In LDCT image noise reduction, it becomes particularly important to suppress artifacts and recover texture details. Figure 15 show the difference images obtained by subtracting different denoised results from LDCT. Evidently, the artifacts (or details) residuals in these difference images can reflect the noise reduction performance of different methods. Among them, the more amount of artifacts (or details) in the difference images, the more amount of artifacts (or details) are suppressed (or damaged) in the noise reduction process. Our study finds that our proposed DISN has a strong noise artifact suppression ability and can maximize noise suppression.

Different methods are used to obtain difference images (Fig. 14).
Number of iterations
We had the number of iterations of DISN models set to 3, 4 and 5 and evaluated their quantitative performance. The experimental results demonstrate that the performance of the DISN model does not improve greatly with increasing the number of iterations, but adds to the number of parameters and training time. Considering the above conditions, the number of iterations of the DISN model is finally set to 3.
Fusion network
By doing 3 iterations, we consider the impact of the fusion network on the whole network. Instead of directly summing the high-frequency information and low-frequency information after obtaining them, our network adds a fusion network to process this information. We selected another representative slice from the Mayo dataset and enlarged the ROI region for better comparison. As can be seen in Fig. 16, if the high-frequency information and low-frequency information are directly summed, the obtained image has some blurring and the details are not obvious.

The effect of fusion network on noise reduction of LDCT image.

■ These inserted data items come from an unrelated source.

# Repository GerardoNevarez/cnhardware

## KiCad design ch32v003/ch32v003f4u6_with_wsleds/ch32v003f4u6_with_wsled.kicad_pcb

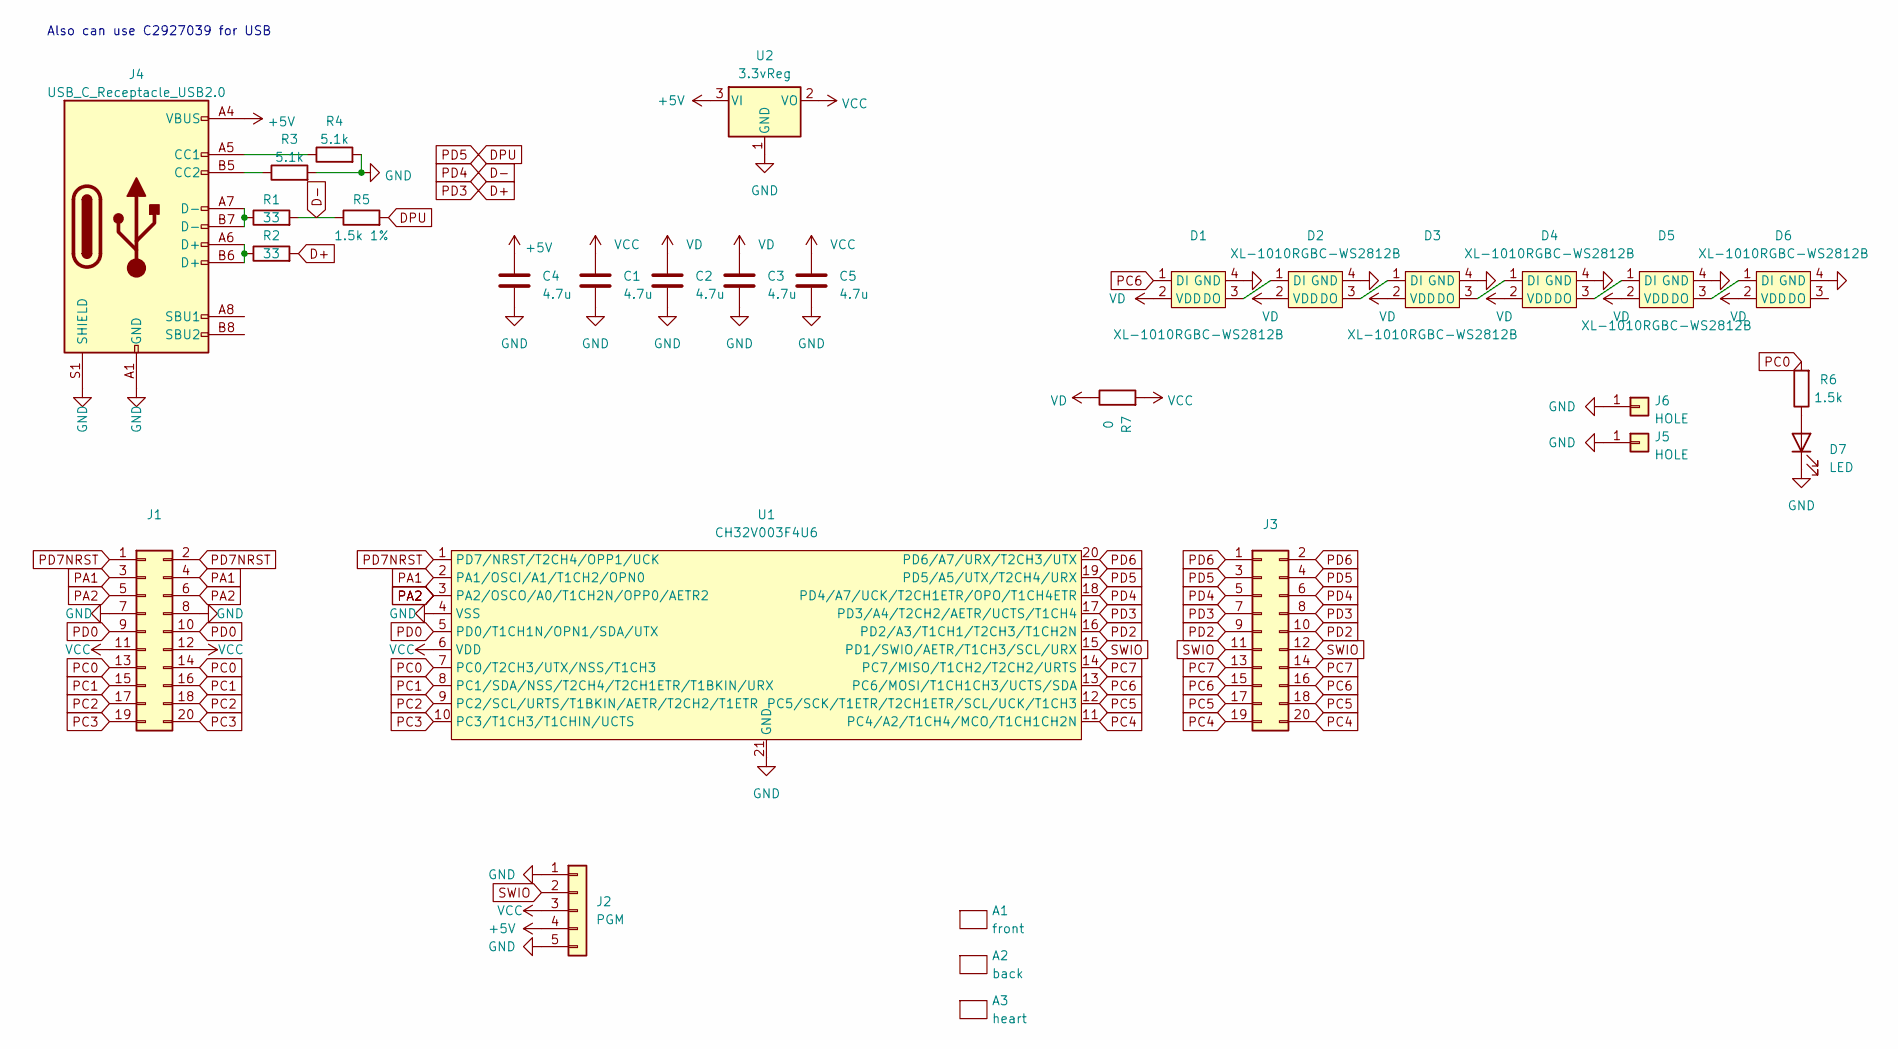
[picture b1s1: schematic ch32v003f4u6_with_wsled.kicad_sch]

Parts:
A1: front; Front
A2: back; Back
A3: heart; Heart
C1, C2, C3, C4, C5: 4.7u; C_0402_1005Metric; LCSC C23733
D1, D2, D3, D4, D5, D6: XL-1010RGBC-WS2812B; XL-1010RGBC-WS812B; LCSC C5349953
D7: LED; LED_0805_2012Metric; LCSC C34499
J1, J3: PinHeader_2x10_P2.54mm_Vertical; LCSC C124359
J2: PGM; PinHeader_1x05_P2.54mm_Vertical; LCSC C358687
J4: USB_C_Receptacle_USB2.0; USB_C_Receptacle_HRO_TYPE-C-31-M-12; LCSC C709358
J5, J6: HOLE; MountingHole_2.2mm_M2_DIN965_Pad
R1, R2: 33; R_0402_1005Metric; LCSC C25105
R3, R4: 5.1k; R_0402_1005Metric; LCSC C25905
R5: 1.5k 1%; R_0402_1005Metric; LCSC C25867
R6: 1.5k; R_0402_1005Metric; LCSC C25867
R7: 0; R_0402_1005Metric; LCSC C17168
U1: CH32V003F4U6; QFN-20-1EP_3x3mm_P0.4mm_EP1.65x1.65mm; LCSC C5299908
U2: 3.3vReg; SOT-23-3; LCSC C5446

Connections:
+5V: C4.1, J2.4, J4.A4 (VBUS), J4.A9 (VBUS), J4.B4 (VBUS), J4.B9 (VBUS), U2.3 (VI)
D+: J3.7, J3.8, R2.2, U1.17 (PD3/A4/T2CH2/AETR/UCTS/T1CH4)
D-: J3.5, J3.6, R1.2, R5.1, U1.18 (PD4/A7/UCK/T2CH1ETR/OPO/T1CH4ETR)
DPU: J3.3, J3.4, R5.2, U1.19 (PD5/A5/UTX/T2CH4/URX)
GND: C1.2, C2.2, C3.2, C4.2, C5.2, D1.4 (GND), D2.4 (GND), D3.4 (GND), D4.4 (GND), D5.4 (GND), D6.4 (GND), D7.1 (K), J1.7, J1.8, J2.1, J2.5, J4.A1 (GND), J4.A12 (GND), J4.B1 (GND), J4.B12 (GND), J4.S1 (SHIELD), J5.1, J6.1, R3.2, R4.2, U1.4 (VSS), U1.21 (GND), U2.1 (GND)
unnamed: D1.3 (DO), D2.1 (DI)
unnamed: D2.3 (DO), D3.1 (DI)
unnamed: D3.3 (DO), D4.1 (DI)
unnamed: D4.3 (DO), D5.1 (DI)
unnamed: D5.3 (DO), D6.1 (DI)
unnamed: D7.2 (A), R6.1
unnamed: J4.A5 (CC1), R4.1
unnamed: J4.B5 (CC2), R3.1
unnamed: J4.A6 (D+), J4.B6 (D+), R2.1
unnamed: J4.A7 (D-), J4.B7 (D-), R1.1
PA1: J1.3, J1.4, U1.2 (PA1/OSCI/A1/T1CH2/OPN0)
PA2: J1.5, J1.6, U1.3 (PA2/OSCO/A0/T1CH2N/OPP0/AETR2)
PC0: J1.13, J1.14, R6.2, U1.7 (PC0/T2CH3/UTX/NSS/T1CH3)
PC1: J1.15, J1.16, U1.8 (PC1/SDA/NSS/T2CH4/T2CH1ETR/T1BKIN/URX)
PC2: J1.17, J1.18, U1.9 (PC2/SCL/URTS/T1BKIN/AETR/T2CH2/T1ETR)
PC3: J1.19, J1.20, U1.10 (PC3/T1CH3/T1CHIN/UCTS)
PC4: J3.19, J3.20, U1.11 (PC4/A2/T1CH4/MCO/T1CH1CH2N)
PC5: J3.17, J3.18, U1.12 (PC5/SCK/T1ETR/T2CH1ETR/SCL/UCK/T1CH3)
PC6: D1.1 (DI), J3.15, J3.16, U1.13 (PC6/MOSI/T1CH1CH3/UCTS/SDA)
PC7: J3.13, J3.14, U1.14 (PC7/MISO/T1CH2/T2CH2/URTS)
PD0: J1.9, J1.10, U1.5 (PD0/T1CH1N/OPN1/SDA/UTX)
PD2: J3.9, J3.10, U1.16 (PD2/A3/T1CH1/T2CH3/T1CH2N)
PD6: J3.1, J3.2, U1.20 (PD6/A7/URX/T2CH3/UTX)
PD7NRST: J1.1, J1.2, U1.1 (PD7/NRST/T2CH4/OPP1/UCK)
SWIO: J2.2, J3.11, J3.12, U1.15 (PD1/SWIO/AETR/T1CH3/SCL/URX)
VCC: C1.1, C5.1, J1.11, J1.12, J2.3, R7.2, U1.6 (VDD), U2.2 (VO)
VD: C2.1, C3.1, D1.2 (VDD), D2.2 (VDD), D3.2 (VDD), D4.2 (VDD), D5.2 (VDD), D6.2 (VDD), R7.1

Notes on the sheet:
Also can use C2927039 for USB

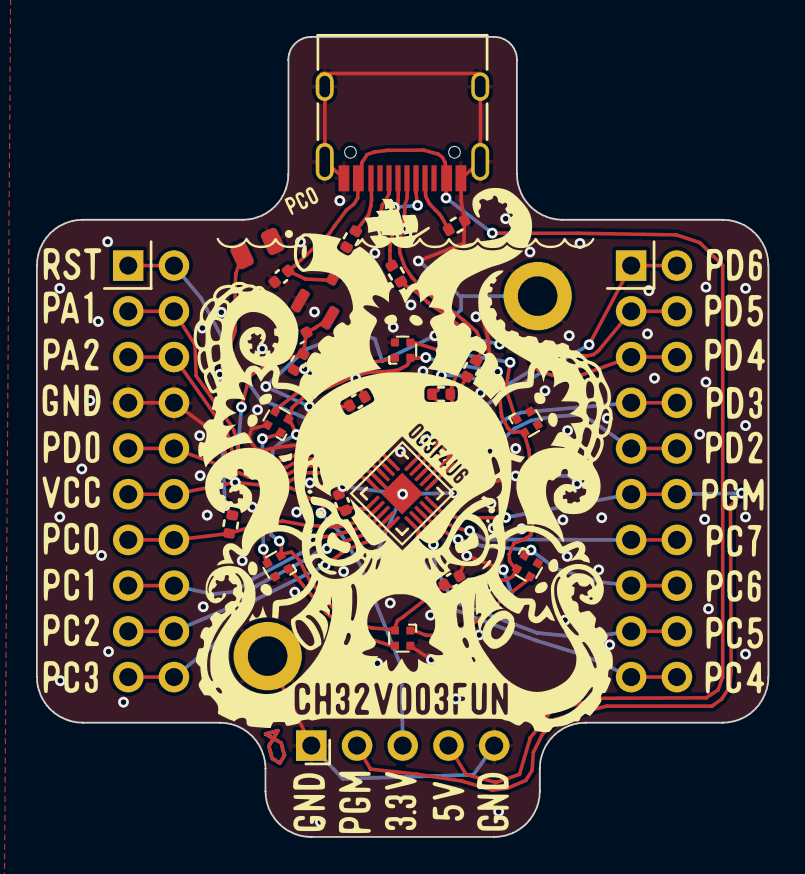
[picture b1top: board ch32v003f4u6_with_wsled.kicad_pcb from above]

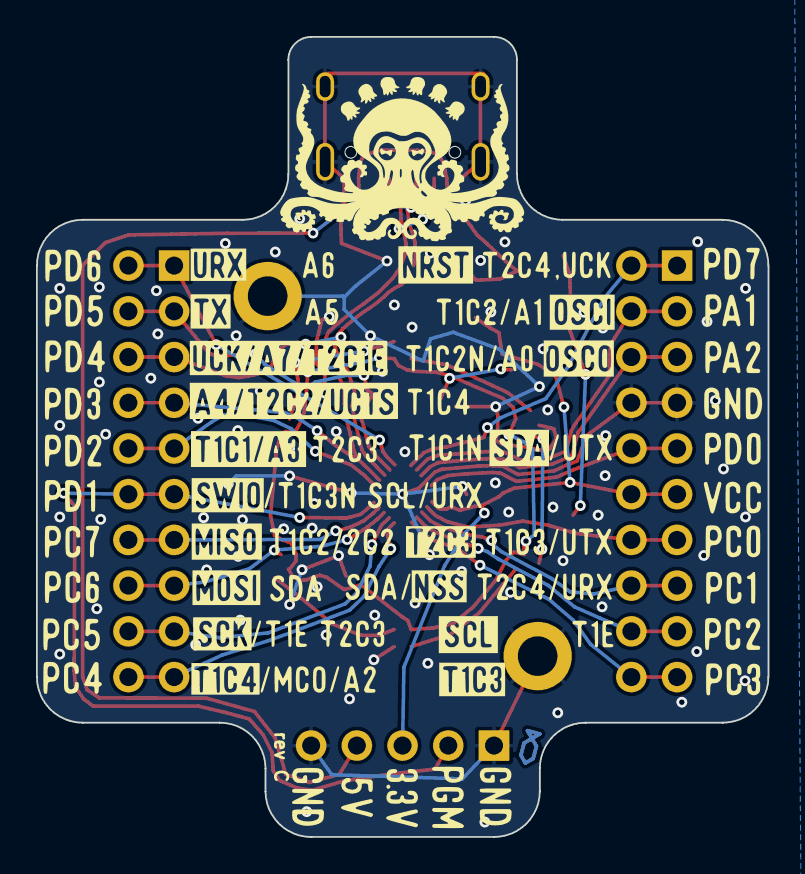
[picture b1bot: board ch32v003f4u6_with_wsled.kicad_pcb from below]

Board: 2 copper layers, 40.6 x 44.5 mm, 30 parts (2 on the bottom side), 32 nets.

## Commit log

2023-06-04 Replace some components with basic parts

In this study, we proposed a new LDCT image denoising algorithm, interpretable decomposition iterative network (DISN). The algorithm uses a physical model to design a low-dose CT noise reduction network and improves the model’s ability to maintain low-frequency signals and high-frequency details. The purpose is to suppress noise and artifacts caused by radiation dose reduction on CT images. This method solves the blind design or use of deep neural network architecture, combines data-driven and model-driven, solves the unexplained problems inherent in deep learning, and makes full use of data features to make the whole model more reasonable and has better generalization ability. In order to preserve the edge/texture in the iterative process, this paper uses the Hessian matrix to realize the frequency distribution of the image, and designs the corresponding low frequency, high frequency and fusion network. Experiments show that this method can effectively remove the noise and artifacts in CT images, maintain the integrity of CT image structure and pathological information, and improve the diagnostic performance of CT images. Compared with the existing mainstream algorithms, the visualization effect and quantitative indicators of the algorithm are significantly improved, and it has certain generalization ability. However, this method still has some shortcomings. Since the noise in LDCT is distributed over the entire spectrum, if the frequency of the entire noise can be calculated, the accuracy of noise extraction can be improved, thereby further improving the noise reduction ability of LDCT. Although this method has certain interpretability, it still needs to combine the traditional denoising method with the network to design a more accurate and credible method.
Funding
National Nature Science Foundation of China under Grant (61801438), Postgraduate Education Innovation Project of Shanxi Province (2022Y582), the Research Project Supported by Shanxi Scholarship Council of China under Grant 2021-111.
Footnotes
Acknowledgments
We would like to thank the editors and reviewers for their reviews that improved the content of this paper.
Conflict of interest
The authors declare no conflicts of interest.
Data availability
The basic data for the results of this paper can be found in the references.